**Aim of the exercise**
What you return must match the listing exactly, with every image removed.
=-=-=-=-=
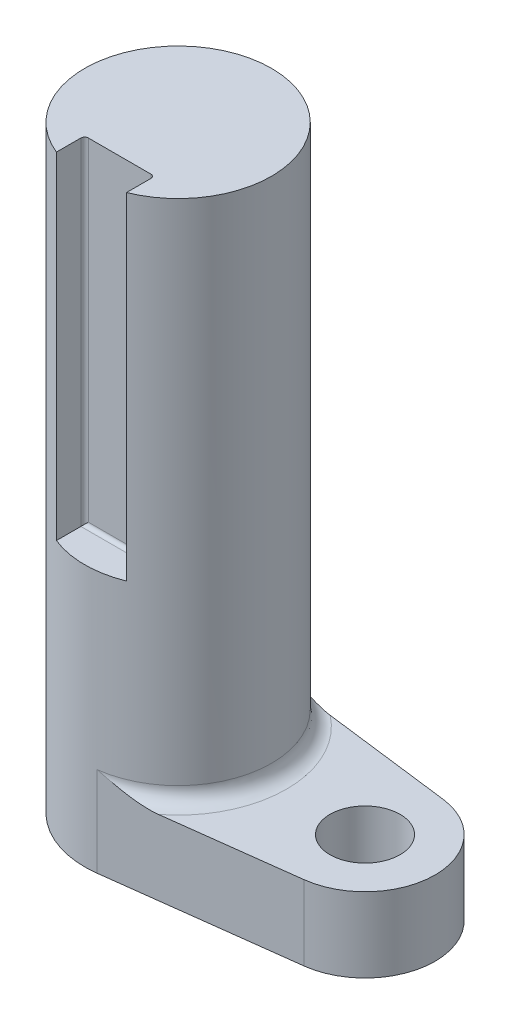
SolidWorks part; units mm, degrees
ref_plane "Front Plane" through (0, 0, 0) normal (0, 0, 1) x (1, 0, 0)
ref_plane "Top Plane" through (0, 0, 0) normal (0, 1, 0) x (1, 0, 0)
ref_plane "Right Plane" through (0, 0, 0) normal (1, 0, 0) x (0, 0, -1)
sketch "Sketch1" plane through (0, 0, 0) normal (0, 1, 0) x (1, 0, 0)
  circle A0 centre (0, 0) radius 3.175
  dimension "D1" = 6.35
extrude "Boss-Extrude1" add sketch "Sketch1" along normal blind 17.78
cosmetic thread "Cosmetic Thread2" parameters "D1"=7.62, "D2"=5.268
sketch "Sketch2" plane through (0, 0, 0) normal (0, -1, 0) x (1, 0, 0)
  line L0 (-10.6761, 0) -> (14.4716, 0) construction
  line L1 (0.3969, 3.1501) -> (6.6477, 2.3626)
  line L2 (6.6477, -2.3626) -> (0.3969, -3.1501)
  circle A0 centre (6.35, 0) radius 1.1906
  circle A1 centre (0, 0) radius 3.175 construction
  arc A2 (6.6477, 2.3626) -> (6.6477, -2.3626) centre (6.35, 0) cw
  point P5 (6.7469, 1.5264)
  point P11 (2.9629, -2.9751)
  point P13 (0, 0)
  circle M4 centre (0, 0) radius 3.175
  dimension "D2" = 2.3813
  dimension "D3" = 2.3813
  dimension "D1" = 6.35
extrude "Boss-Extrude2" add sketch "Sketch2" along normal blind 2.54 contours L0 M4 | L0 A0 A2 L1 M4 | L0 L2 A2 A0 M4 | L0 M4 region at (0, 0, 1.3475) region at (0, 0, -1.3475) region at (5.108, 0, 1.4695) region at (5.108, 0, -1.4695)
fillet "Fillet1" radius 0.508 1 edges at (3.175, 0, 0)
sketch "Sketch3" plane through (0, 0, 0) normal (0, 1, 0) x (1, 0, 0)
  line L0 (0, -5.1656) -> (0, 6.1347) construction
  line L1 (-6.2309, 0) -> (11.0317, 0) construction
  line L3 (-1.1906, -4.3637) -> (1.1906, -4.3637)
  line L4 (-1.1906, -4.3637) -> (-1.1906, -1.9863)
  line L5 (-1.1906, -1.9863) -> (1.1906, -1.9863)
  line L6 (1.1906, -4.3637) -> (1.1906, -1.9863)
  line L7 (-1.1906, -4.3637) -> (1.1906, -1.9863) construction
  line L8 (-1.1906, -1.9863) -> (1.1906, -4.3637) construction
  arc A0 (0.3969, 3.1501) -> (0.3969, -3.1501) centre (0, 0) ccw construction
  point P5 (0, -3.175)
  point P10 (0, -3.175)
  dimension "D1" = 1.1887
  dimension "D2" = 2.3813
extrude "Cut-Extrude2" cut sketch "Sketch3" along normal blind 12.7 from offset 6.35
fillet "Fillet2" radius 0.127 3 edges at (-1.1906, 12.065, 1.9863) (1.1906, 12.065, 1.9863) (0, 6.35, 1.9863)
=-=-=-=-=
**Written answer**
SolidWorks part; units mm, degrees
ref_plane "Front Plane" through (0, 0, 0) normal (0, 0, 1) x (1, 0, 0)
ref_plane "Top Plane" through (0, 0, 0) normal (0, 1, 0) x (1, 0, 0)
ref_plane "Right Plane" through (0, 0, 0) normal (1, 0, 0) x (0, 0, -1)
sketch "Sketch1" plane through (0, 0, 0) normal (0, 1, 0) x (1, 0, 0)
  circle A0 centre (0, 0) radius 3.175
  dimension "D1" = 6.35
extrude "Boss-Extrude1" add sketch "Sketch1" along normal blind 17.78
cosmetic thread "Cosmetic Thread2" parameters "D1"=7.62, "D2"=5.268
sketch "Sketch2" plane through (0, 0, 0) normal (0, -1, 0) x (1, 0, 0)
  line L0 (-10.6761, 0) -> (14.4716, 0) construction
  line L1 (0.3969, 3.1501) -> (6.6477, 2.3626)
  line L2 (6.6477, -2.3626) -> (0.3969, -3.1501)
  circle A0 centre (6.35, 0) radius 1.1906
  circle A1 centre (0, 0) radius 3.175 construction
  arc A2 (6.6477, 2.3626) -> (6.6477, -2.3626) centre (6.35, 0) cw
  point P5 (6.7469, 1.5264)
  point P11 (2.9629, -2.9751)
  point P13 (0, 0)
  circle M4 centre (0, 0) radius 3.175
  dimension "D2" = 2.3813
  dimension "D3" = 2.3813
  dimension "D1" = 6.35
extrude "Boss-Extrude2" add sketch "Sketch2" along normal blind 2.54 contours L0 M4 | L0 A0 A2 L1 M4 | L0 L2 A2 A0 M4 | L0 M4 region at (0, 0, 1.3475) region at (0, 0, -1.3475) region at (5.108, 0, 1.4695) region at (5.108, 0, -1.4695)
fillet "Fillet1" radius 0.508 1 edges at (3.175, 0, 0)
sketch "Sketch3" plane through (0, 0, 0) normal (0, 1, 0) x (1, 0, 0)
  line L0 (0, -5.1656) -> (0, 6.1347) construction
  line L1 (-6.2309, 0) -> (11.0317, 0) construction
  line L3 (-1.1906, -4.3637) -> (1.1906, -4.3637)
  line L4 (-1.1906, -4.3637) -> (-1.1906, -1.9863)
  line L5 (-1.1906, -1.9863) -> (1.1906, -1.9863)
  line L6 (1.1906, -4.3637) -> (1.1906, -1.9863)
  line L7 (-1.1906, -4.3637) -> (1.1906, -1.9863) construction
  line L8 (-1.1906, -1.9863) -> (1.1906, -4.3637) construction
  arc A0 (0.3969, 3.1501) -> (0.3969, -3.1501) centre (0, 0) ccw construction
  point P5 (0, -3.175)
  point P10 (0, -3.175)
  dimension "D1" = 1.1887
  dimension "D2" = 2.3813
extrude "Cut-Extrude2" cut sketch "Sketch3" along normal blind 12.7 from offset 6.35
fillet "Fillet2" radius 0.127 3 edges at (-1.1906, 12.065, 1.9863) (1.1906, 12.065, 1.9863) (0, 6.35, 1.9863)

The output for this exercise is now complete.